Auch wenn die KiKK-Studie Fragen offen lässt - eines kann klar gesagt werden: Die Anzahl der Erkrankungsfälle steht in keinem Verhältnis zu der Aufregung, die von Medien und Politikern erzeugt wird. "Die Studie hat für viel Geld wenig ergeben", gibt auch Blettner zu.
Es geht um 29 zusätzliche Krebserkrankungen in 23 Jahren
Laut Studie sind von 1980 bis 2003 im 5-Kilometer-Umkreis aller 16 deutschen Atomkraftwerke 77 Krebsfälle (darunter 37 Leukämiefälle) bei Kindern unter fünf Jahren aufgetreten. Im statistischen Durchschnitt wären nur 48 Krebsfälle (17 Leukämiefälle) zu erwarten gewesen. Das heißt, dass 29 Krebsfälle (davon 20 mit Leukämie) mit dem Wohnort in diesem Umkreis in Zusammenhang gebracht werden können.

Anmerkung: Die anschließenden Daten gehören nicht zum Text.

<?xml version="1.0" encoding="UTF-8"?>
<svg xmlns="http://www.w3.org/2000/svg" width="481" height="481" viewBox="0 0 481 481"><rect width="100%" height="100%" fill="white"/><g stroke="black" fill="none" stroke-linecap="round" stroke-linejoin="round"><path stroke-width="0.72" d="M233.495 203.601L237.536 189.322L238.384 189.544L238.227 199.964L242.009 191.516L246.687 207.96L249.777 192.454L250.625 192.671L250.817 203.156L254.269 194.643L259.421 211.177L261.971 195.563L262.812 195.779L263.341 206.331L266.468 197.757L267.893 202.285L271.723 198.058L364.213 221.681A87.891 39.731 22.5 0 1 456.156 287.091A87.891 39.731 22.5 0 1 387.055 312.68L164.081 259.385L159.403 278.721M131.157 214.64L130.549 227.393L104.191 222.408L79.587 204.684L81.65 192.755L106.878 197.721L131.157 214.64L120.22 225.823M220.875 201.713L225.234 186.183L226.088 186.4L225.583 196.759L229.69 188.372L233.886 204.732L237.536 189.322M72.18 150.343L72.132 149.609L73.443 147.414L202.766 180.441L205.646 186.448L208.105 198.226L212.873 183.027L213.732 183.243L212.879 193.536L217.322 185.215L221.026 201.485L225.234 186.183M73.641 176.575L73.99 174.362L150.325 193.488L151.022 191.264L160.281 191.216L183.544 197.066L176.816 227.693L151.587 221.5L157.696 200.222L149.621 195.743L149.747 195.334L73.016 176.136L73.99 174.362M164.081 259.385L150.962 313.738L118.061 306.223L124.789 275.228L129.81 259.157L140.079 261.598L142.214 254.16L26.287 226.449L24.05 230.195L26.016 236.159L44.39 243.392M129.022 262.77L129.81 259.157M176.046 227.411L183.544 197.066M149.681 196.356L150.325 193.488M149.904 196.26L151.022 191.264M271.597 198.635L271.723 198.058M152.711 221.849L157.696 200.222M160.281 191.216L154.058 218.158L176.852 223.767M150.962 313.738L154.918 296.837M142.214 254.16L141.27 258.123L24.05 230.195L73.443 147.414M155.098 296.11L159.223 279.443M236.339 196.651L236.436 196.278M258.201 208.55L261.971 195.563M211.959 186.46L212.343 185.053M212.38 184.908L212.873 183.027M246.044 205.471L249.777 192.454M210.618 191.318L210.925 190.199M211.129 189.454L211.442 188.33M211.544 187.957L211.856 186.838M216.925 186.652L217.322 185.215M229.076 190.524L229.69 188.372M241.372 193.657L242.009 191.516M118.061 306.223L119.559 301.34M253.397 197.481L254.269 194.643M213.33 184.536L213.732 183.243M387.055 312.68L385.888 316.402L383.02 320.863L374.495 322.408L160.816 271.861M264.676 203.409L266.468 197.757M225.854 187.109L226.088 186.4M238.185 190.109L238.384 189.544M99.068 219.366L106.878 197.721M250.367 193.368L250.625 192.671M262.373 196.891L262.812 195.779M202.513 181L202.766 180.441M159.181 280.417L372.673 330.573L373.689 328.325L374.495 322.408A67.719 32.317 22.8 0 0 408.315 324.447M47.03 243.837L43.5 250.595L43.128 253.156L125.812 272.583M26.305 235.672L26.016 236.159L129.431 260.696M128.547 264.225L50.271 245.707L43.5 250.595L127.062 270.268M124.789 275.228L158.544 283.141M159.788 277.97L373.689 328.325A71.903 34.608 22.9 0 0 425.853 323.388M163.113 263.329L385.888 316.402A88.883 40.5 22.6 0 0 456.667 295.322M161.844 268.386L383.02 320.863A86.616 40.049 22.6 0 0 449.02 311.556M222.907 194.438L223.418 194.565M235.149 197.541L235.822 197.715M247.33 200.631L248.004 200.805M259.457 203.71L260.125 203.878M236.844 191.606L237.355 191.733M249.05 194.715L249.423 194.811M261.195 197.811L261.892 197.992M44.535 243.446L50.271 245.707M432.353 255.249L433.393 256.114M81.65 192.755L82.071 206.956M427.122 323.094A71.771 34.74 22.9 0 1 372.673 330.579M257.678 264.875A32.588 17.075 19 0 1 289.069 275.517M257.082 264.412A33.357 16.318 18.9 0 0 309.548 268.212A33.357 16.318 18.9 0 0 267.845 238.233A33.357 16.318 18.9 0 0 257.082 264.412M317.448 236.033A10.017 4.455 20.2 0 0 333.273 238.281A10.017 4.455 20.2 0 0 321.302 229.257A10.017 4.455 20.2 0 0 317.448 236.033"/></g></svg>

Im Studienbericht steht sogar die Formulierung, diese 29 Fälle wären "unter den gemachten Modellannahmen ... dem Wohnen innerhalb der 5-Km-Zone um ein deutsches Kernkraftwerk zuzuschreiben". Insgesamt sind in Deutschland zwischen 1980 und 2003 in dieser Altersgruppe 13.373 Krebsfälle aufgetreten - dem stehen im Schnitt 1,2 Fälle im Jahr mehr in den 5-Kilometer-Zonen gegenüber.
Das heißt mit anderen Worten: Nur 0,22 Prozent aller Krebsfälle bei unter Fünfjährigen in Deutschland zwischen 1980 und 2003 sind auf das Wohnen in der Nähe von Atomkraftwerken zurückzuführen. Ursache unbekannt.
Zudem ist zu bedenken: Es geht um Erkrankungen, nicht um Todesfälle. Und Leukämie ist heutzutage kein Todesurteil, sondern heilbar. "Die Überlebensraten sind sehr gut", sagt Blettner. So bedauerlich und vielleicht vermeidbar diese Fälle gewesen sind - es geht um die Wahrung der Verhältnisse. "Die Aufregung ist nicht berechtigt", sagt Blettner. "Todesursache Nummer 1 in Deutschland sind Unfälle."
Während sich also Politik und Medien über 29 zusätzliche Krebsfälle zwischen 1980 und 2003 empören, starben im gleichen Zeitraum und in der gleichen Altersgruppe laut Statistischem Bundesamt 214 Kinder an Grippe und 3320 Kinder aufgrund von Verkehrsunfällen.